Visualizing first-layer weights is a technique still widely used in computer vision—for instance, to reveal edge detectors or color blobs in CNNs. Higher-layer weights, however, become less interpretable due to increased complexity and non-linearity. In those cases, techniques like maximum-activating input images, gradient-modified input images (together with some prior to make images look natural), or sparse autoencoders (in transformers) are more effective.

Perhaps the most surprising insight from this reproduction was realizing how many standard training techniques—momentum, soft labels, learning rate warm-up, stochastic gradient descent—were already proposed and explored as early as the 1980s. We often take these tools for granted today, but Hinton’s focus on these training techniques paved the road for the wide adoption of artificial neural networks long before deep learning became mainstream.

Role-specific representations?

The family tree experiment was motivated by the idea of role-specific representations. Hinton argued that, to truly understand relationships, neural networks need to represent not just who an entity is, but also what role it plays in a given context. To achieve this, he introduced the notion of grouped neurons—separate subsets of neurons encoding identity and role independently.

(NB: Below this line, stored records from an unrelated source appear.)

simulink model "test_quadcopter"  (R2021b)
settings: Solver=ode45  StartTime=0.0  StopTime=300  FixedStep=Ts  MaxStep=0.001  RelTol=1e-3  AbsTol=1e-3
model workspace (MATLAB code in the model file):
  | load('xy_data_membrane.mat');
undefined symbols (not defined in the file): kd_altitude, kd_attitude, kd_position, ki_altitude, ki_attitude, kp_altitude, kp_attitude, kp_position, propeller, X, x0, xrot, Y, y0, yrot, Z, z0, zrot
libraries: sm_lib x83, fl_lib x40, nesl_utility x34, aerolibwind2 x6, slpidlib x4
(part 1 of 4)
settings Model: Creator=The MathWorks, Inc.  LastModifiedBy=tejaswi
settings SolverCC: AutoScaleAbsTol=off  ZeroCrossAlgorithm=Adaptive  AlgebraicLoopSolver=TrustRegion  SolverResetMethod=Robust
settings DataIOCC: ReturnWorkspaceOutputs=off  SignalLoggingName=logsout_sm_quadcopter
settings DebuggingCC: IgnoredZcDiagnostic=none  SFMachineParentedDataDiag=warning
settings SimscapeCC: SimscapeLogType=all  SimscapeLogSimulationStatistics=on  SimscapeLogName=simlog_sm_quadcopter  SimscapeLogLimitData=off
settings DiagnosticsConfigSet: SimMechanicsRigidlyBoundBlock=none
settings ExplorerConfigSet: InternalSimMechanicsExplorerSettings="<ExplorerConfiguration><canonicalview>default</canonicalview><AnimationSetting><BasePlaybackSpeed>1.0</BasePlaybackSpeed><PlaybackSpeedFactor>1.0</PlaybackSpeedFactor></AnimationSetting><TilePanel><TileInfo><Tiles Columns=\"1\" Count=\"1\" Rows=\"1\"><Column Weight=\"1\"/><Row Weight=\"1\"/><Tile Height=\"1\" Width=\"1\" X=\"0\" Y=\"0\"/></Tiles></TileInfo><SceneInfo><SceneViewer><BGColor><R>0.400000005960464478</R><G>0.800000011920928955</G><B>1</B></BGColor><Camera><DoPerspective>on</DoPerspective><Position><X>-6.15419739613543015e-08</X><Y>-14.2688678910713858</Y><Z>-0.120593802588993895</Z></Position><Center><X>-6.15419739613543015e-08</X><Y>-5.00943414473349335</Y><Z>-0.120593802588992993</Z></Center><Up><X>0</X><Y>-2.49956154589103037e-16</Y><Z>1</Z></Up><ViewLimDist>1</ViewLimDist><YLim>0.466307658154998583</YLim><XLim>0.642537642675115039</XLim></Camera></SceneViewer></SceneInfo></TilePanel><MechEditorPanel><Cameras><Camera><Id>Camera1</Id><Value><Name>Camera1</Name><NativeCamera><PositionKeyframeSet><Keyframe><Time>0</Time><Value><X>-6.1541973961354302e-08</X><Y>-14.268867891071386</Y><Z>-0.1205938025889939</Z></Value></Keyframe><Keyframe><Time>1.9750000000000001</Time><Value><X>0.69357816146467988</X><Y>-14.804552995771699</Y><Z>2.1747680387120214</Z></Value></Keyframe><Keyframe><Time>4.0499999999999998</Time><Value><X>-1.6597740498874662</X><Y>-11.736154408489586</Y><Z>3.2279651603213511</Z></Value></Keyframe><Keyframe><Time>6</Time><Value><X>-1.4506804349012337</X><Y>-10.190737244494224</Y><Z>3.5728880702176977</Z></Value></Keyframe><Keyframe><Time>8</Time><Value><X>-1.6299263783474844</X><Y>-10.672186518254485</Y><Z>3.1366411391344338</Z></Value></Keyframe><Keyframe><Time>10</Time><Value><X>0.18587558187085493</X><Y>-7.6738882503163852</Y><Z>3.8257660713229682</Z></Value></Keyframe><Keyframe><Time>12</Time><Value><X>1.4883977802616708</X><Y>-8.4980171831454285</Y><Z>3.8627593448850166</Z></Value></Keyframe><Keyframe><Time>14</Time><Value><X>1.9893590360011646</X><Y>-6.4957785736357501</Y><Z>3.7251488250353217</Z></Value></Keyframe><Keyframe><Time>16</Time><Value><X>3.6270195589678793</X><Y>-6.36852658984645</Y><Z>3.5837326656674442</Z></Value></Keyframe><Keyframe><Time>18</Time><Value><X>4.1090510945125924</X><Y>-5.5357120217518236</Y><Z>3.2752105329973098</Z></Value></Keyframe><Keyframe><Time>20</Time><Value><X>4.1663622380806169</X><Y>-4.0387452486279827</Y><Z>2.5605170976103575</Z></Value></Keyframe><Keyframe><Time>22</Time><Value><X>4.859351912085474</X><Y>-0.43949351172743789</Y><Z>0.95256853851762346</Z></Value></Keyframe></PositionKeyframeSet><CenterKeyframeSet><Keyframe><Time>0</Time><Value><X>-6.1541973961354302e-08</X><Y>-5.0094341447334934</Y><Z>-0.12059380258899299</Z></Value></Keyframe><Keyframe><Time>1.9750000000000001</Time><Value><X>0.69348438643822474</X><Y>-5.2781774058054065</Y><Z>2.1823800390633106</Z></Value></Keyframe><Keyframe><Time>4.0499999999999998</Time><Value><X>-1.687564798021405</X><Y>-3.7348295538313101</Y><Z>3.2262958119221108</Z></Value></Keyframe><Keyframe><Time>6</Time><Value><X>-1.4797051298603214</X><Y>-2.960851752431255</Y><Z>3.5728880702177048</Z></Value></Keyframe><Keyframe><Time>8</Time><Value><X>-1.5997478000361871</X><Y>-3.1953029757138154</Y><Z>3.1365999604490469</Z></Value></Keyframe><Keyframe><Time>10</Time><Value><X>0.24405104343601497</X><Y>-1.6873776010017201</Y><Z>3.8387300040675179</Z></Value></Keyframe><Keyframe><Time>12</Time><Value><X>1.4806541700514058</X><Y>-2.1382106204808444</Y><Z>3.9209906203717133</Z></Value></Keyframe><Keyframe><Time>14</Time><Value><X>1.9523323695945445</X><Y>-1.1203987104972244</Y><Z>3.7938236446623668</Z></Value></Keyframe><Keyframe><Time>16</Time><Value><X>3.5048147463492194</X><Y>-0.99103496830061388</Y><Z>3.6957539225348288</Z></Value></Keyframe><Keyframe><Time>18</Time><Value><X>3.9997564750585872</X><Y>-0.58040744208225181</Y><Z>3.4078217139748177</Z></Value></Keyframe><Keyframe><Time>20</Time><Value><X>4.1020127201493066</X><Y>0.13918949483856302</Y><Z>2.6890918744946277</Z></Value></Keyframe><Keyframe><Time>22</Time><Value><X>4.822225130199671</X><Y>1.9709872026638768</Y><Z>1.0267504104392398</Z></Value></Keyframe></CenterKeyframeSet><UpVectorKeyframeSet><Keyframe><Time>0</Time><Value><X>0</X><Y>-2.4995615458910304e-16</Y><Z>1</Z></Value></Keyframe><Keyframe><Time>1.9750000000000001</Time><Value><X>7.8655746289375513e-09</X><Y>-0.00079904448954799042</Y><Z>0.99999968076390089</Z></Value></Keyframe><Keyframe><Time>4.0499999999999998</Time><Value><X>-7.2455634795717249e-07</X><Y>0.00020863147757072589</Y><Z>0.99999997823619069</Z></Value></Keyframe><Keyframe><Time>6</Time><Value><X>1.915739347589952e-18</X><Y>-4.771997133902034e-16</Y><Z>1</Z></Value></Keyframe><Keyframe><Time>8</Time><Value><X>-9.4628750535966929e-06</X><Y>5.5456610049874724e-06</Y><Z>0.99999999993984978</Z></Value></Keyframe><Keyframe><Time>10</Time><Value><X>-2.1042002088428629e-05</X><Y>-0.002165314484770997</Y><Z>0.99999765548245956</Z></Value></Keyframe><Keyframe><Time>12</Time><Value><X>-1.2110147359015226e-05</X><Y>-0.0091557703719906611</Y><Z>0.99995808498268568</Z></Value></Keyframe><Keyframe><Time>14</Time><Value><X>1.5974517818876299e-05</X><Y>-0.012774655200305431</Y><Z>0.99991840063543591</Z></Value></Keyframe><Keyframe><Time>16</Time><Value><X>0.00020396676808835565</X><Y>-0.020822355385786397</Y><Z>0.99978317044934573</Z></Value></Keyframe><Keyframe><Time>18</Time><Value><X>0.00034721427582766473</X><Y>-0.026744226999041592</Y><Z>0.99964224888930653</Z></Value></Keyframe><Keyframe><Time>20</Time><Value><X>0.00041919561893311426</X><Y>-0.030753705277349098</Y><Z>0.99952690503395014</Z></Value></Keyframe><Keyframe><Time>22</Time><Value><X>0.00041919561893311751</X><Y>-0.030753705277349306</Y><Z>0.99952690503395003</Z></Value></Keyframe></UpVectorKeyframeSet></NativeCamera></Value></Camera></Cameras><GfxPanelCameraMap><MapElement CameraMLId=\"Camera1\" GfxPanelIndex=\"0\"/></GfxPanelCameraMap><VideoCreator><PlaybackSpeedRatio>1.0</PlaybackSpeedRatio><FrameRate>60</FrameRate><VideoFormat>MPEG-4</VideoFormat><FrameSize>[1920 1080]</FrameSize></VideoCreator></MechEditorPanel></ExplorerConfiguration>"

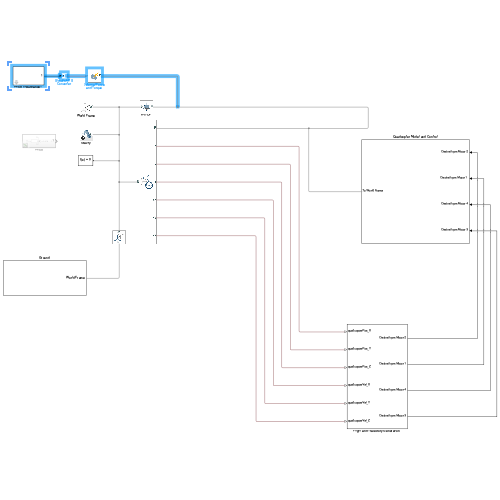
[thumbnail: Simulink's stored preview of the top-level diagram]
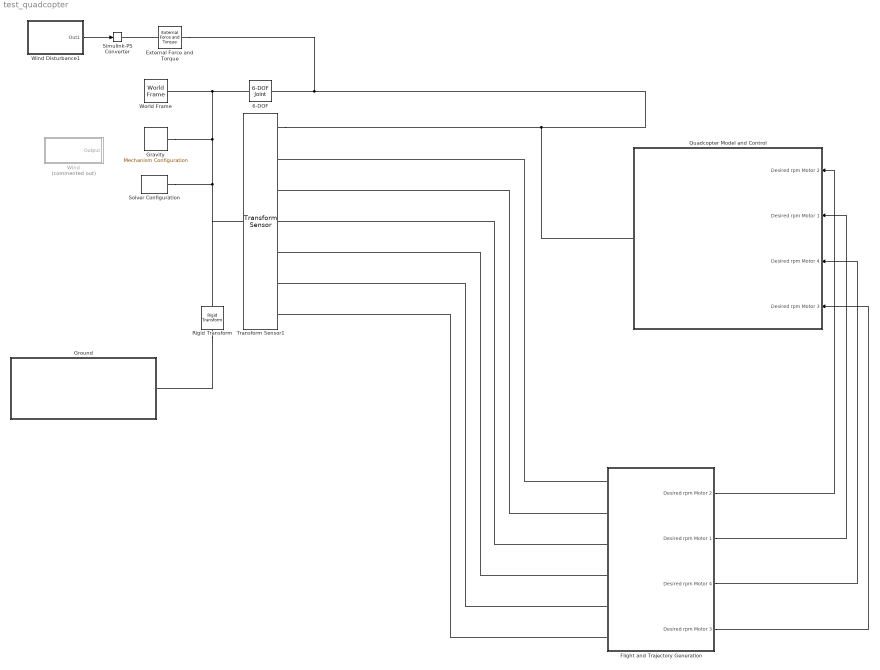
== system test_quadcopter ==
  6-DOF : sm_lib/Joints/6-DOF Joint  JointMode=Normal  SenseConstraintForce=off  SenseConstraintForceX=off  SenseConstraintForceY=off  SenseConstraintForceZ=off  SenseConstraintTorque=off  SenseConstraintTorqueX=off  SenseConstraintTorqueY=off  SenseConstraintTorqueZ=off  SenseTotalForce=off  SenseTotalForceX=off  SenseTotalForceY=off  SenseTotalForceZ=off  SenseTotalTorque=off  SenseTotalTorqueX=off  SenseTotalTorqueY=off  SenseTotalTorqueZ=off  CompositeWrenchDir=FollowerOnBase  CompositeWrenchFrame=BaseFrame  PxEquilibriumPosition=0  PxEquilibriumPositionUnits=m  PxSpringStiffness=0  PxSpringStiffnessUnits=N/m  PxDampingCoefficient=0  PxDampingCoefficientUnits=N/(m/s)  PxTorqueActuationMode=NoTorque  PxMotionActuationMode=ComputedMotion  PxSensePosition=off  PxSenseVelocity=off  PxSenseAcceleration=off  PxSenseTorqueForce=off  PxSenseLowerLimitTorqueForce=off  PxSenseUpperLimitTorqueForce=off  PxLowerLimitSpecify=off  PxLowerLimitBound=-1  PxLowerLimitBoundUnits=m  PxLowerLimitStiffness=1e6  PxLowerLimitStiffnessUnits=N/m  PxLowerLimitDamping=1e3  PxLowerLimitDampingUnits=N/(m/s)  PxLowerLimitTransitionRegionWidth=1e-4  PxLowerLimitTransitionRegionWidthUnits=m  PxUpperLimitSpecify=off  PxUpperLimitBound=1  PxUpperLimitBoundUnits=m  PxUpperLimitStiffness=1e6  PxUpperLimitStiffnessUnits=N/m  PxUpperLimitDamping=1e3  PxUpperLimitDampingUnits=N/(m/s)  PxUpperLimitTransitionRegionWidth=1e-4  PxUpperLimitTransitionRegionWidthUnits=m  PxPositionTargetSpecify=on  PxPositionTargetPriority=High  PxPositionTargetValue=x0  PxPositionTargetValueUnits=m  PxVelocityTargetSpecify=off  PxVelocityTargetPriority=High  PxVelocityTargetValue=0  PxVelocityTargetValueUnits=m/s  PyEquilibriumPosition=0  PyEquilibriumPositionUnits=m  PySpringStiffness=0  PySpringStiffnessUnits=N/m  PyDampingCoefficient=0  PyDampingCoefficientUnits=N/(m/s)  PyTorqueActuationMode=NoTorque  PyMotionActuationMode=ComputedMotion  PySensePosition=off  PySenseVelocity=off  PySenseAcceleration=off  PySenseTorqueForce=off  PySenseLowerLimitTorqueForce=off  PySenseUpperLimitTorqueForce=off  PyLowerLimitSpecify=off  PyLowerLimitBound=-1  PyLowerLimitBoundUnits=m  PyLowerLimitStiffness=1e6  PyLowerLimitStiffnessUnits=N/m  PyLowerLimitDamping=1e3  PyLowerLimitDampingUnits=N/(m/s)  PyLowerLimitTransitionRegionWidth=1e-4  PyLowerLimitTransitionRegionWidthUnits=m  PyUpperLimitSpecify=off  PyUpperLimitBound=1  PyUpperLimitBoundUnits=m  PyUpperLimitStiffness=1e6  PyUpperLimitStiffnessUnits=N/m  PyUpperLimitDamping=1e3  PyUpperLimitDampingUnits=N/(m/s)  PyUpperLimitTransitionRegionWidth=1e-4  PyUpperLimitTransitionRegionWidthUnits=m  PyPositionTargetSpecify=on  PyPositionTargetPriority=High  PyPositionTargetValue=y0  PyPositionTargetValueUnits=m  PyVelocityTargetSpecify=off  PyVelocityTargetPriority=High  PyVelocityTargetValue=0  PyVelocityTargetValueUnits=m/s  PzEquilibriumPosition=0  PzEquilibriumPositionUnits=m  PzSpringStiffness=0  PzSpringStiffnessUnits=N/m  PzDampingCoefficient=0  PzDampingCoefficientUnits=N/(m/s)  PzTorqueActuationMode=NoTorque  PzMotionActuationMode=ComputedMotion  PzSensePosition=off  PzSenseVelocity=off  PzSenseAcceleration=off  PzSenseTorqueForce=off  PzSenseLowerLimitTorqueForce=off  PzSenseUpperLimitTorqueForce=off  PzLowerLimitSpecify=off  PzLowerLimitBound=-1  PzLowerLimitBoundUnits=m  PzLowerLimitStiffness=1e6  PzLowerLimitStiffnessUnits=N/m  PzLowerLimitDamping=1e3  PzLowerLimitDampingUnits=N/(m/s)  PzLowerLimitTransitionRegionWidth=1e-4  PzLowerLimitTransitionRegionWidthUnits=m  PzUpperLimitSpecify=off  PzUpperLimitBound=1  PzUpperLimitBoundUnits=m  PzUpperLimitStiffness=1e6  PzUpperLimitStiffnessUnits=N/m  PzUpperLimitDamping=1e3  PzUpperLimitDampingUnits=N/(m/s)  PzUpperLimitTransitionRegionWidth=1e-4  PzUpperLimitTransitionRegionWidthUnits=m  PzPositionTargetSpecify=on  PzPositionTargetPriority=High  PzPositionTargetValue=z0  PzPositionTargetValueUnits=m  PzVelocityTargetSpecify=off  PzVelocityTargetPriority=High  PzVelocityTargetValue=0  PzVelocityTargetValueUnits=m/s  SphDefPosRotationMethod=None  SphDefPosRotationAngleUnits=deg  SphDefPosRotationStandardAxis=+Z  SphDefPosRotationAngle=0.0  SphDefPosRotationArbitraryAxis=[0 0 1]  SphDefPosFollAlignAxisA=+X  SphDefPosBaseAlignAxisA=+Y  SphDefPosFollAlignAxisB=+Y  SphDefPosBaseAlignAxisB=+Z  SphDefPosRotationSequenceAxes=FollowerAxes  SphDefPosRotationSequence=XYX  SphDefPosRotationSequenceAngles=[0 0 0]  SphDefPosRotationSequenceAnglesUnits=deg  SphDefPosRotationMatrix=[1 0 0; 0 1 0; 0 0 1]  SphEqPosRotationMethod=None  SphEqPosRotationAngleUnits=deg  SphEqPosRotationStandardAxis=+Z  SphEqPosRotationAngle=0.0  SphEqPosRotationArbitraryAxis=[0 0 1]  SphEqPosFollAlignAxisA=+X  SphEqPosBaseAlignAxisA=+Y  SphEqPosFollAlignAxisB=+Y  SphEqPosBaseAlignAxisB=+Z  SphEqPosRotationSequenceAxes=FollowerAxes  SphEqPosRotationSequence=XYX  SphEqPosRotationSequenceAngles=[0 0 0]  SphEqPosRotationSequenceAnglesUnits=deg  SphEqPosRotationMatrix=[1 0 0; 0 1 0; 0 0 1]  SphSpringStiffness=0  SphSpringStiffnessUnits=N*m/deg  SphDampingCoefficient=0  SphDampingCoefficientUnits=N*m/(deg/s)  SphActuateTorqueX=off  SphActuateTorqueY=off  SphActuateTorqueZ=off  SphActuateTorque=off  SphTorqueActuationMode=NoTorque  SphMotionActuationMode=ComputedMotion  SphActuationFrame=BaseFrame  SphSensePosition=off  SphSenseVelocityX=off  SphSenseVelocityY=off  SphSenseVelocityZ=off  SphSenseVelocity=off  SphSenseAccelerationX=off  SphSenseAccelerationY=off  SphSenseAccelerationZ=off  SphSenseAcceleration=off  SphSenseTorqueX=off  SphSenseTorqueY=off  SphSenseTorqueZ=off  SphSenseTorqueForce=off  SphSenseLowerLimitTorqueMag=off  SphSenseUpperLimitTorqueMag=off  SphSensingFrame=BaseFrame  SphLowerLimitSpecify=off  SphLowerLimitBound=15  SphLowerLimitBoundUnits=deg  SphLowerLimitStiffness=1e4  SphLowerLimitStiffnessUnits=N*m/deg  SphLowerLimitDamping=10  SphLowerLimitDampingUnits=N*m/(deg/s)  SphLowerLimitTransitionRegionWidth=0.1  SphLowerLimitTransitionRegionWidthUnits=deg  SphUpperLimitSpecify=off  SphUpperLimitBound=45  SphUpperLimitBoundUnits=deg  SphUpperLimitStiffness=1e4  SphUpperLimitStiffnessUnits=N*m/deg  SphUpperLimitDamping=10  SphUpperLimitDampingUnits=N*m/(deg/s)  SphUpperLimitTransitionRegionWidth=0.1  SphUpperLimitTransitionRegionWidthUnits=deg  SphPositionTargetRotationMethod=RotationSequence  SphPositionTargetRotationAngleUnits=deg  SphPositionTargetRotationStandardAxis=+Y  SphPositionTargetRotationAngle=0  SphPositionTargetRotationArbitraryAxis=[0 0 1]  SphPositionTargetFollAlignAxisA=+X  SphPositionTargetBaseAlignAxisA=+Y  SphPositionTargetFollAlignAxisB=+Y  SphPositionTargetBaseAlignAxisB=+Z  SphPositionTargetRotationSequenceAxes=FollowerAxes  SphPositionTargetRotationSequence=XYZ  SphPositionTargetRotationSequenceAngles=[xrot yrot zrot]  SphPositionTargetRotationSequenceAnglesUnits=deg  SphPositionTargetRotationMatrix=[1 0 0; 0 1 0; 0 0 1]  SphPositionTargetSpecify=on  SphPositionTargetPriority=High  SphVelocityTargetValue=[0 0 0]  SphVelocityTargetValueUnits=deg/s  SphVelocityTargetSpecify=off  SphVelocityTargetPriority=High  SphVelocityTargetInFollowerFrame=on
  External Force and Torque : sm_lib/Forces and Torques/External Force and Torque  ForceResolutionFrame=World  EnableForceX=off  EnableForceY=off  EnableForceZ=off  EnableForce=on  TorqueResolutionFrame=AttachedFrame  EnableTorqueX=off  EnableTorqueY=off  EnableTorqueZ=off  EnableTorque=off
  "Flight and Trajectory Generation " : Subsystem
  Gravity : sm_lib/Utilities/Mechanism Configuration  UniformGravity=Constant  GravityVector=[0 0 -9.80665]  GravityUnits=m/s^2  LinearizationDelta=0.001  JointModeTransitionNonlinearIterations=2
  Ground : Subsystem
  Quadcopter Model and Control : Subsystem
  Rigid Transform : sm_lib/Frames and Transforms/Rigid Transform  TranslationMethod=StandardAxis  TranslationStandardOffset=0.25  TranslationLengthUnit=m  TranslationStandardAxis=-Z  TranslationCartesianOffset=[0 0 0]  TranslationROffset=0  TranslationROffsetUnits=m  TranslationZOffset=0  TranslationZOffsetUnits=m  TranslationThetaOffset=0  TranslationThetaOffsetUnits=deg  RotationMethod=None  RotationAngleUnits=deg  RotationStandardAxis=+Z  RotationAngle=0.0  RotationArbitraryAxis=[0 0 1]  FollAlignAxisA=+X  BaseAlignAxisA=+Y  FollAlignAxisB=+Y  BaseAlignAxisB=+Z  RotationSequenceAxes=FollowerAxes  RotationSequence=XYX  RotationSequenceAngles=[0 0 0]  RotationSequenceAnglesUnits=deg  RotationMatrix=[1 0 0; 0 1 0; 0 0 1]
  Simulink-PS Converter : nesl_utility/Simulink-PS Converter  PhysicalDomain=network_engine_domain  SubClassName=ps_input  LeftPortType=input  RightPortType=output  PseudoPeriodic=off  Frequencies=[]  NoiseDistribution=none  NoiseParameters=[]  Unit=1  AffineConversion=off  FilteringAndDerivatives=provide  SimscapeFilterOrder=1  InputFilterTimeConstant=0.001  UdotUserProvided=0
      settings: SourceProductBaseCode=PW,SS
  Solver Configuration : nesl_utility/Solver Configuration  PhysicalDomain=network_engine_domain  SubClassName=solver  LeftPortType=input  RightPortType=generic  Tones=[]  Harmonics=[]  SimulateNoise=off  Profile=off  UseLocalSampling=off  EnableSwitchedLinearOptims=on  FrequencyDomain=off  UseCCode=off  RelTol=0.001  AbsTol=1e-06  MinStep=1e-09  ToWorkspace=off  RevertToSquareIcSolve=off  NumHomotopyIterations=100  PhasorMode=off  PhasorModeNumHarmonics=1  DoDC=off  ResidualTolerance=1e-09  UseLocalSolver=off  LocalSolverChoice=NE_BACKWARD_EULER_ADVANCER  LocalSolverSampleTime=Ts  DoFixedCost=off  MaxNonlinIter=3  MaxModeIter=2  ComputeImpulses=off  ImpulseIterations=2  LinearAlgebra=auto  EquationFormulation=NE_TIME_EF  DelaysMemoryBudget=1024  AutomaticFiltering=on  FilteringTimeConstant=0.001  PartitionStorageMethod=AS_NEEDED  PartitionMemoryBudget=1024  PartitionMethod=ROBUST
      settings: SourceProductBaseCode=PW,SS
  Transform Sensor1 : sm_lib/Frames and Transforms/Transform Sensor  MeasurementFrame=NonRotatingBase  SenseAngle=off  SenseAxis=off  SenseAngle1=off  SenseAngle2=off  SenseAngle3=off  SenseQ=off  SenseR=off  SenseOmegaX=off  SenseOmegaY=off  SenseOmegaZ=off  SenseOmega1=off  SenseOmega2=off  SenseOmega3=off  SenseQDot=off  SenseRDot=off  SenseAlphaX=off  SenseAlphaY=off  SenseAlphaZ=off  SenseAlpha1=off  SenseAlpha2=off  SenseAlpha3=off  SenseQDDot=off  SenseRDDot=off  SenseX=on  SenseY=on  SenseZ=on  SenseRad=off  SenseAzim=off  SenseDist=off  SenseInc=off  SenseXDot=on  SenseYDot=on  SenseZDot=on  SenseRadDot=off  SenseAzimDot=off  SenseDistDot=off  SenseIncDot=off  SenseXDDot=off  SenseYDDot=off  SenseZDDot=off  SenseRadDDot=off  SenseAzimDDot=off  SenseDistDDot=off  SenseIncDDot=off
  Wind : Subsystem  Commented=on
  Wind Disturbance1 : Subsystem  mask{hei=3, spd=1, deg=30}
      mask prompts: hei "Altitude at which wind in acting (meters)"; spd "Speed of wind (m/s)"; deg "Direction of wind (0 is wind coming from north)"
  World Frame : sm_lib/Frames and Transforms/World Frame
  wires:
  "Flight and Trajectory Generation "/1(Desired rpm Motor 2) -> Quadcopter Model and Control/1(Desired rpm Motor 2)
  "Flight and Trajectory Generation "/2(Desired rpm Motor 1) -> Quadcopter Model and Control/2("Desired rpm Motor 1 ")
  "Flight and Trajectory Generation "/3(Desired rpm Motor 4) -> Quadcopter Model and Control/3(Desired rpm Motor 4)
  "Flight and Trajectory Generation "/4(Desired rpm Motor 3) -> Quadcopter Model and Control/4(Desired rpm Motor 3)
  Wind Disturbance1/1(Out1) -> Simulink-PS Converter/1
  connections:
  Gravity/RConn1 -- Solver Configuration/RConn1 -- Transform Sensor1/LConn1 -- Rigid Transform/LConn1 -- 6-DOF/LConn1 -- World Frame/RConn1
  Transform Sensor1/RConn1 -- External Force and Torque/RConn1 -- 6-DOF/RConn1 -- Quadcopter Model and Control/RConn1
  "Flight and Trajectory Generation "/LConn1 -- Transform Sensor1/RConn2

This concept foreshadows ideas seen in his later work, such as capsule networks, which aim to disentangle object properties and their spatial relationships. In my opinion, modern large language models (LLMs) achieved a similar effect through the attention mechanism, which inherently associates entities with their contextual roles in a dynamic and flexible way.

Inductive Bias

Different models are designed to implement different inductive bias and thus suit different tasks. Hinton in a later paper (Learning Distributed Representations of Concepts Using Linear Relational Embedding) admits that the MLP models struggle to find an optimal solution and instead turn to a method called Linear Relational Embedding. The key idea is to represent concepts as vectors,binary relations as matrices, and the operation of applying a relation to a concept as a matrix-vector multiplication that produces an approximation to the related concept. A representation for concepts and relations is learned by maximizing an appropriate discriminative goodness function using gradient ascent.

Is It Worth the Efforts?

A question may rise as to why spending so much efforts on a toy experiment that nobody cares about today. When I grew up I was taught this Da Vinci’s egg drawing story:

when young Leonardo was apprenticed to Andrea del Verrocchio, his master made him draw hundreds of eggs from different angles to teach him about form, light, and shadow. Verrocchio told him that no two eggs are identical and each viewing angle reveals something new.

This story might be apocryphal, but I believe it captures something important in artistic education as well as model training: it’s through repeated simple experiments that one aquires the intuition/knowledge of some fundamental truth.